Firman Berdimensi Rangkap:   Alkitab Sebagai Tulisan Manusiawi/Ilahi

Firman Berdimensi Rangkap:  Alkitab Sebagai Tulisan Manusiawi/Ilahi

 

Pernahkah kita diperhadapkan dengan pertanyaan yang mempersoalkan hakikat Alkitab? Ada yang bertanya, misalnya, surat-surat Paulus sebenarnya ‘kan tulisan manusia biasa yang dialamatkan kepada jemaat-jemaat, mengapa kita mengakuinya sebagai “firman Tuhan”? Begitu pula, dalam beberapa kitab sejarah, kerap ditemukan kisah tentang raja-raja Israel yang naik takhta dan turun takhta, lalu meninggal dan dimakamkan. Lho, catatan sejarah seperti ini koq diperlakukan sebagai firman Tuhan? Surat-surat, silsilah-silsilah, doa-doa berbagai aturan kurban, dll., memang tampak seperti gejala manusiawi semata-mata, sehingga wajar-wajar saja muncul pertanyaan mengenai kedudukannya sebagai firman Tuhan. Kalau begitu, apa dasarnya bagi umat Yahudi dan Kristen untuk menerimanya sebagai firman Tuhan? 

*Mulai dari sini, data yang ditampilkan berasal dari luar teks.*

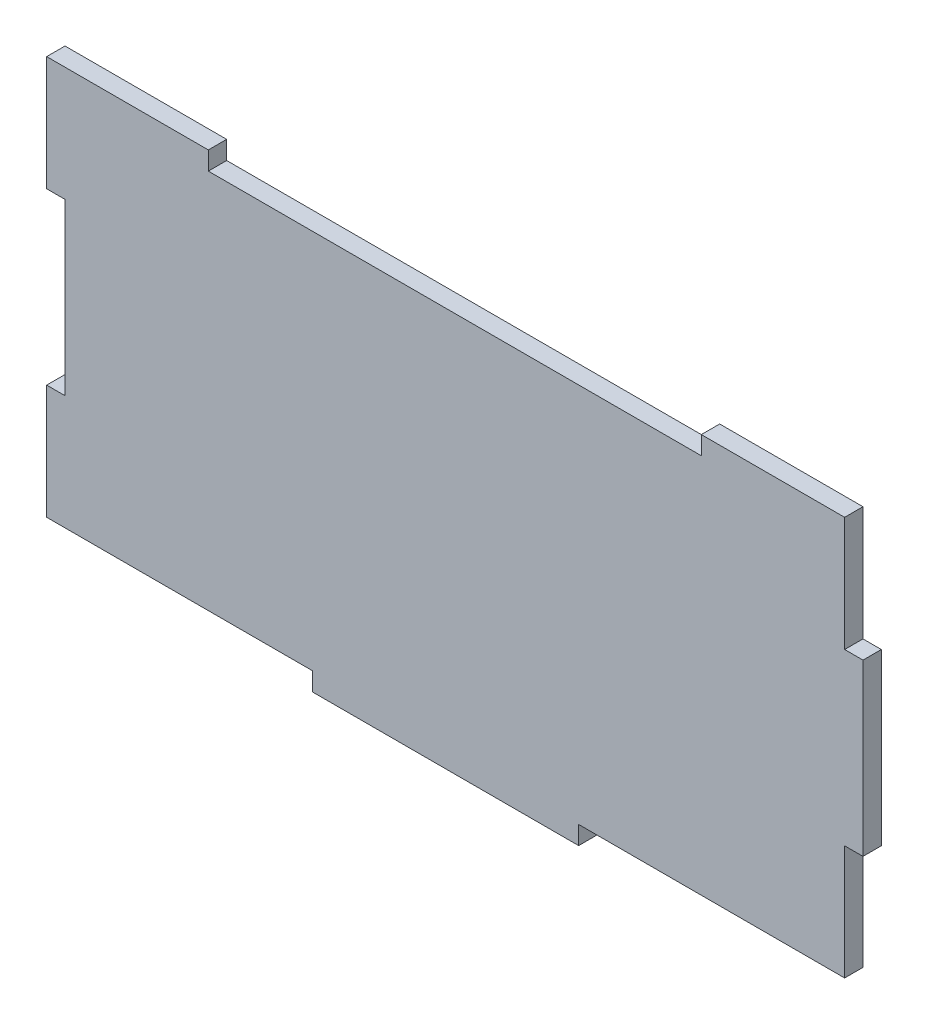
ISO-10303-21;
HEADER;
FILE_DESCRIPTION(('STEP AP214'),'2;1');
FILE_NAME('part.step','',(''),(''),'','','');
FILE_SCHEMA(('AUTOMOTIVE_DESIGN { 1 0 10303 214 1 1 1 1 }'));
ENDSEC;
DATA;
#1=APPLICATION_CONTEXT('core data for automotive mechanical design processes');
#2=APPLICATION_PROTOCOL_DEFINITION('international standard','automotive_design',2000,#1);
#3=PRODUCT_CONTEXT('',#1,'mechanical');
#4=PRODUCT('Part','Part','',(#3));
#5=PRODUCT_RELATED_PRODUCT_CATEGORY('part','',(#4));
#6=PRODUCT_DEFINITION_FORMATION('','',#4);
#7=PRODUCT_DEFINITION_CONTEXT('part definition',#1,'design');
#8=PRODUCT_DEFINITION('design','',#6,#7);
#9=PRODUCT_DEFINITION_SHAPE('','',#8);
#10=(LENGTH_UNIT() NAMED_UNIT(*) SI_UNIT(.MILLI.,.METRE.));
#11=(NAMED_UNIT(*) PLANE_ANGLE_UNIT() SI_UNIT($,.RADIAN.));
#12=(NAMED_UNIT(*) SI_UNIT($,.STERADIAN.) SOLID_ANGLE_UNIT());
#13=UNCERTAINTY_MEASURE_WITH_UNIT(LENGTH_MEASURE(1.E-05),#10,'distance_accuracy_value','');
#14=(GEOMETRIC_REPRESENTATION_CONTEXT(3) GLOBAL_UNCERTAINTY_ASSIGNED_CONTEXT((#13)) GLOBAL_UNIT_ASSIGNED_CONTEXT((#10,
#11,#12)) REPRESENTATION_CONTEXT('',''));
#15=CARTESIAN_POINT('',(0.,0.,0.));
#16=DIRECTION('',(0.,0.,1.));
#17=DIRECTION('',(1.,0.,0.));
#18=AXIS2_PLACEMENT_3D('',#15,#16,#17);
#19=CARTESIAN_POINT('',(0.,100.,4.6));
#20=DIRECTION('',(0.,-1.,0.));
#21=DIRECTION('',(0.,0.,-1.));
#22=AXIS2_PLACEMENT_3D('',#19,#20,#21);
#23=PLANE('',#22);
#24=DIRECTION('',(0.,0.,1.));
#25=VECTOR('',#24,1.);
#26=CARTESIAN_POINT('',(164.08357749269,99.9999999999319,0.));
#27=LINE('',#26,#25);
#28=CARTESIAN_POINT('',(164.08357749269,99.9999999999319,0.));
#29=VERTEX_POINT('',#28);
#30=CARTESIAN_POINT('',(164.08357749269,99.9999999999319,4.60000000000006));
#31=VERTEX_POINT('',#30);
#32=EDGE_CURVE('E579',#29,#31,#27,.T.);
#33=ORIENTED_EDGE('',*,*,#32,.T.);
#34=DIRECTION('',(-1.,0.,0.));
#35=VECTOR('',#34,1.);
#36=CARTESIAN_POINT('',(0.,100.,4.6));
#37=LINE('',#36,#35);
#38=CARTESIAN_POINT('',(200.,100.,4.6));
#39=VERTEX_POINT('',#38);
#40=EDGE_CURVE('E187',#39,#31,#37,.T.);
#41=ORIENTED_EDGE('',*,*,#40,.F.);
#42=DIRECTION('',(0.,0.,-1.));
#43=VECTOR('',#42,1.);
#44=CARTESIAN_POINT('',(200.,100.,4.6));
#45=LINE('',#44,#43);
#46=CARTESIAN_POINT('',(200.,100.,0.));
#47=VERTEX_POINT('',#46);
#48=EDGE_CURVE('E290',#39,#47,#45,.T.);
#49=ORIENTED_EDGE('',*,*,#48,.T.);
#50=DIRECTION('',(-1.,0.,0.));
#51=VECTOR('',#50,1.);
#52=CARTESIAN_POINT('',(0.,100.,0.));
#53=LINE('',#52,#51);
#54=EDGE_CURVE('E295',#47,#29,#53,.T.);
#55=ORIENTED_EDGE('',*,*,#54,.T.);
#56=EDGE_LOOP('',(#33,#41,#49,#55));
#57=FACE_BOUND('',#56,.T.);
#58=ADVANCED_FACE('F31',(#57),#23,.F.);
#59=DIRECTION('',(0.,0.,-1.));
#60=VECTOR('',#59,1.);
#61=CARTESIAN_POINT('',(40.51642250731,99.9999999999319,0.));
#62=LINE('',#61,#60);
#63=CARTESIAN_POINT('',(40.51642250731,99.9999999999319,4.60000000000007));
#64=VERTEX_POINT('',#63);
#65=CARTESIAN_POINT('',(40.51642250731,99.9999999999319,0.));
#66=VERTEX_POINT('',#65);
#67=EDGE_CURVE('E174',#64,#66,#62,.T.);
#68=ORIENTED_EDGE('',*,*,#67,.T.);
#69=CARTESIAN_POINT('',(0.,100.,0.));
#70=VERTEX_POINT('',#69);
#71=EDGE_CURVE('E299',#66,#70,#53,.T.);
#72=ORIENTED_EDGE('',*,*,#71,.T.);
#73=DIRECTION('',(0.,0.,-1.));
#74=VECTOR('',#73,1.);
#75=CARTESIAN_POINT('',(0.,100.,4.6));
#76=LINE('',#75,#74);
#77=CARTESIAN_POINT('',(0.,100.,4.6));
#78=VERTEX_POINT('',#77);
#79=EDGE_CURVE('E258',#78,#70,#76,.T.);
#80=ORIENTED_EDGE('',*,*,#79,.F.);
#81=EDGE_CURVE('E256',#64,#78,#37,.T.);
#82=ORIENTED_EDGE('',*,*,#81,.F.);
#83=EDGE_LOOP('',(#68,#72,#80,#82));
#84=FACE_BOUND('',#83,.T.);
#85=ADVANCED_FACE('F403',(#84),#23,.F.);
#86=CARTESIAN_POINT('',(0.,100.,4.6));
#87=DIRECTION('',(0.,0.,-1.));
#88=DIRECTION('',(-1.,0.,0.));
#89=AXIS2_PLACEMENT_3D('',#86,#87,#88);
#90=PLANE('',#89);
#91=DIRECTION('',(0.,1.,0.));
#92=VECTOR('',#91,1.);
#93=CARTESIAN_POINT('',(164.08357749269,95.3999999999319,4.60000000000006));
#94=LINE('',#93,#92);
#95=CARTESIAN_POINT('',(164.08357749269,95.3999999999319,4.60000000000006));
#96=VERTEX_POINT('',#95);
#97=EDGE_CURVE('E168',#96,#31,#94,.T.);
#98=ORIENTED_EDGE('',*,*,#97,.F.);
#99=DIRECTION('',(-1.,0.,0.));
#100=VECTOR('',#99,1.);
#101=CARTESIAN_POINT('',(40.51642250731,95.3999999999319,4.60000000000007));
#102=LINE('',#101,#100);
#103=CARTESIAN_POINT('',(40.51642250731,95.3999999999319,4.60000000000007));
#104=VERTEX_POINT('',#103);
#105=EDGE_CURVE('E173',#96,#104,#102,.T.);
#106=ORIENTED_EDGE('',*,*,#105,.T.);
#107=DIRECTION('',(0.,1.,0.));
#108=VECTOR('',#107,1.);
#109=CARTESIAN_POINT('',(40.51642250731,95.3999999999319,4.60000000000007));
#110=LINE('',#109,#108);
#111=EDGE_CURVE('E188',#104,#64,#110,.T.);
#112=ORIENTED_EDGE('',*,*,#111,.T.);
#113=ORIENTED_EDGE('',*,*,#81,.T.);
#114=DIRECTION('',(0.,-1.,0.));
#115=VECTOR('',#114,1.);
#116=CARTESIAN_POINT('',(0.,0.,4.6));
#117=LINE('',#116,#115);
#118=CARTESIAN_POINT('',(0.,71.3036640249381,4.6));
#119=VERTEX_POINT('',#118);
#120=EDGE_CURVE('E239',#78,#119,#117,.T.);
#121=ORIENTED_EDGE('',*,*,#120,.T.);
#122=DIRECTION('',(-1.,0.,0.));
#123=VECTOR('',#122,1.);
#124=CARTESIAN_POINT('',(0.,71.3036640249381,4.6));
#125=LINE('',#124,#123);
#126=CARTESIAN_POINT('',(4.6,71.3036640249381,4.6));
#127=VERTEX_POINT('',#126);
#128=EDGE_CURVE('E365',#127,#119,#125,.T.);
#129=ORIENTED_EDGE('',*,*,#128,.F.);
#130=DIRECTION('',(0.,1.,0.));
#131=VECTOR('',#130,1.);
#132=CARTESIAN_POINT('',(4.6,71.3036640249381,4.6));
#133=LINE('',#132,#131);
#134=CARTESIAN_POINT('',(4.59999999999999,28.6963359750618,4.6));
#135=VERTEX_POINT('',#134);
#136=EDGE_CURVE('E380',#135,#127,#133,.T.);
#137=ORIENTED_EDGE('',*,*,#136,.F.);
#138=DIRECTION('',(1.,0.,0.));
#139=VECTOR('',#138,1.);
#140=CARTESIAN_POINT('',(0.,28.6963359750618,4.6));
#141=LINE('',#140,#139);
#142=CARTESIAN_POINT('',(0.,28.6963359750618,4.6));
#143=VERTEX_POINT('',#142);
#144=EDGE_CURVE('E227',#143,#135,#141,.T.);
#145=ORIENTED_EDGE('',*,*,#144,.F.);
#146=CARTESIAN_POINT('',(0.,0.,4.6));
#147=VERTEX_POINT('',#146);
#148=EDGE_CURVE('E298',#143,#147,#117,.T.);
#149=ORIENTED_EDGE('',*,*,#148,.T.);
#150=DIRECTION('',(1.,0.,0.));
#151=VECTOR('',#150,1.);
#152=CARTESIAN_POINT('',(0.,0.,4.6));
#153=LINE('',#152,#151);
#154=CARTESIAN_POINT('',(66.6666666666667,0.,4.6));
#155=VERTEX_POINT('',#154);
#156=EDGE_CURVE('E238',#147,#155,#153,.T.);
#157=ORIENTED_EDGE('',*,*,#156,.T.);
#158=DIRECTION('',(0.,-1.,0.));
#159=VECTOR('',#158,1.);
#160=CARTESIAN_POINT('',(66.6666666666667,0.,4.6));
#161=LINE('',#160,#159);
#162=CARTESIAN_POINT('',(66.6666666666667,-4.60000000000001,4.6));
#163=VERTEX_POINT('',#162);
#164=EDGE_CURVE('E53',#155,#163,#161,.T.);
#165=ORIENTED_EDGE('',*,*,#164,.T.);
#166=DIRECTION('',(1.,0.,0.));
#167=VECTOR('',#166,1.);
#168=CARTESIAN_POINT('',(133.333333333333,-4.6,4.6));
#169=LINE('',#168,#167);
#170=CARTESIAN_POINT('',(133.333333333333,-4.6,4.6));
#171=VERTEX_POINT('',#170);
#172=EDGE_CURVE('E196',#163,#171,#169,.T.);
#173=ORIENTED_EDGE('',*,*,#172,.T.);
#174=DIRECTION('',(0.,1.,0.));
#175=VECTOR('',#174,1.);
#176=CARTESIAN_POINT('',(133.333333333333,0.,4.6));
#177=LINE('',#176,#175);
#178=CARTESIAN_POINT('',(133.333333333333,0.,4.6));
#179=VERTEX_POINT('',#178);
#180=EDGE_CURVE('E190',#171,#179,#177,.T.);
#181=ORIENTED_EDGE('',*,*,#180,.T.);
#182=CARTESIAN_POINT('',(200.,0.,4.6));
#183=VERTEX_POINT('',#182);
#184=EDGE_CURVE('E235',#179,#183,#153,.T.);
#185=ORIENTED_EDGE('',*,*,#184,.T.);
#186=DIRECTION('',(0.,1.,0.));
#187=VECTOR('',#186,1.);
#188=CARTESIAN_POINT('',(200.,0.,4.6));
#189=LINE('',#188,#187);
#190=CARTESIAN_POINT('',(200.,28.6963359750619,4.6));
#191=VERTEX_POINT('',#190);
#192=EDGE_CURVE('E245',#183,#191,#189,.T.);
#193=ORIENTED_EDGE('',*,*,#192,.T.);
#194=DIRECTION('',(1.,0.,0.));
#195=VECTOR('',#194,1.);
#196=CARTESIAN_POINT('',(200.,28.6963359750619,4.6));
#197=LINE('',#196,#195);
#198=CARTESIAN_POINT('',(204.6,28.6963359750619,4.6));
#199=VERTEX_POINT('',#198);
#200=EDGE_CURVE('E248',#191,#199,#197,.T.);
#201=ORIENTED_EDGE('',*,*,#200,.T.);
#202=DIRECTION('',(0.,1.,0.));
#203=VECTOR('',#202,1.);
#204=CARTESIAN_POINT('',(204.6,28.6963359750619,4.6));
#205=LINE('',#204,#203);
#206=CARTESIAN_POINT('',(204.6,71.3036640249381,4.6));
#207=VERTEX_POINT('',#206);
#208=EDGE_CURVE('E250',#199,#207,#205,.T.);
#209=ORIENTED_EDGE('',*,*,#208,.T.);
#210=DIRECTION('',(-1.,0.,0.));
#211=VECTOR('',#210,1.);
#212=CARTESIAN_POINT('',(200.,71.3036640249381,4.6));
#213=LINE('',#212,#211);
#214=CARTESIAN_POINT('',(200.,71.3036640249381,4.6));
#215=VERTEX_POINT('',#214);
#216=EDGE_CURVE('E252',#207,#215,#213,.T.);
#217=ORIENTED_EDGE('',*,*,#216,.T.);
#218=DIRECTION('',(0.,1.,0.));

Kita mulai “wisata rohani” ini dengan sebuah catatan kecil. Seperti yang ditegaskan Prof. Jacob van Bruggen yang mengajar di Universitas Teologi Kampen, Belanda, “Kekristenan bukanlah agama kitab”!  Kekristenan mempunyai dan mengakui kitab-kitab, tetapi di balik kitab-kitab ini, yang diimani sesungguhnya adalah Satu Pribadi, yang berkomunikasi dengan manusia untuk mengungkapkan rencana agung mengenai keselamatan umat manusia kini dan nanti: “Kita tidak mulai berada di dunia ini dengan dokumen-dokumen mengenai Allah. Di Taman Firdaus, di senja yang sejuk, Dia mengunjungi kita secara pribadi untuk berbicara dengan kita. Pena dan kertas tak diperlukan; karena ada kontak langsung, mata beradu mata” (Kej 2.16; 3.8-9). Dengan kata lain, sebelum dikenal tulisan, sudah ada “firman Tuhan” yang menyapa manusia. Ketika Abram dipanggil untuk meninggalkan negerinya (Kej 12.1-3), peristiwa itu belum dituliskan tetapi diceritakan berulang kali dari generasi ke generasi. Boleh dikatakan, babak baru yang menuliskan firman Tuhan yang disampaikan secara lisan dimulai dari Musa, tokoh di balik kelima kitab Taurat. Dari mana Musa mengetahui Allah menciptakan dunia dan seisinya serta memberi berbagai petunjuk kepada umat-Nya? 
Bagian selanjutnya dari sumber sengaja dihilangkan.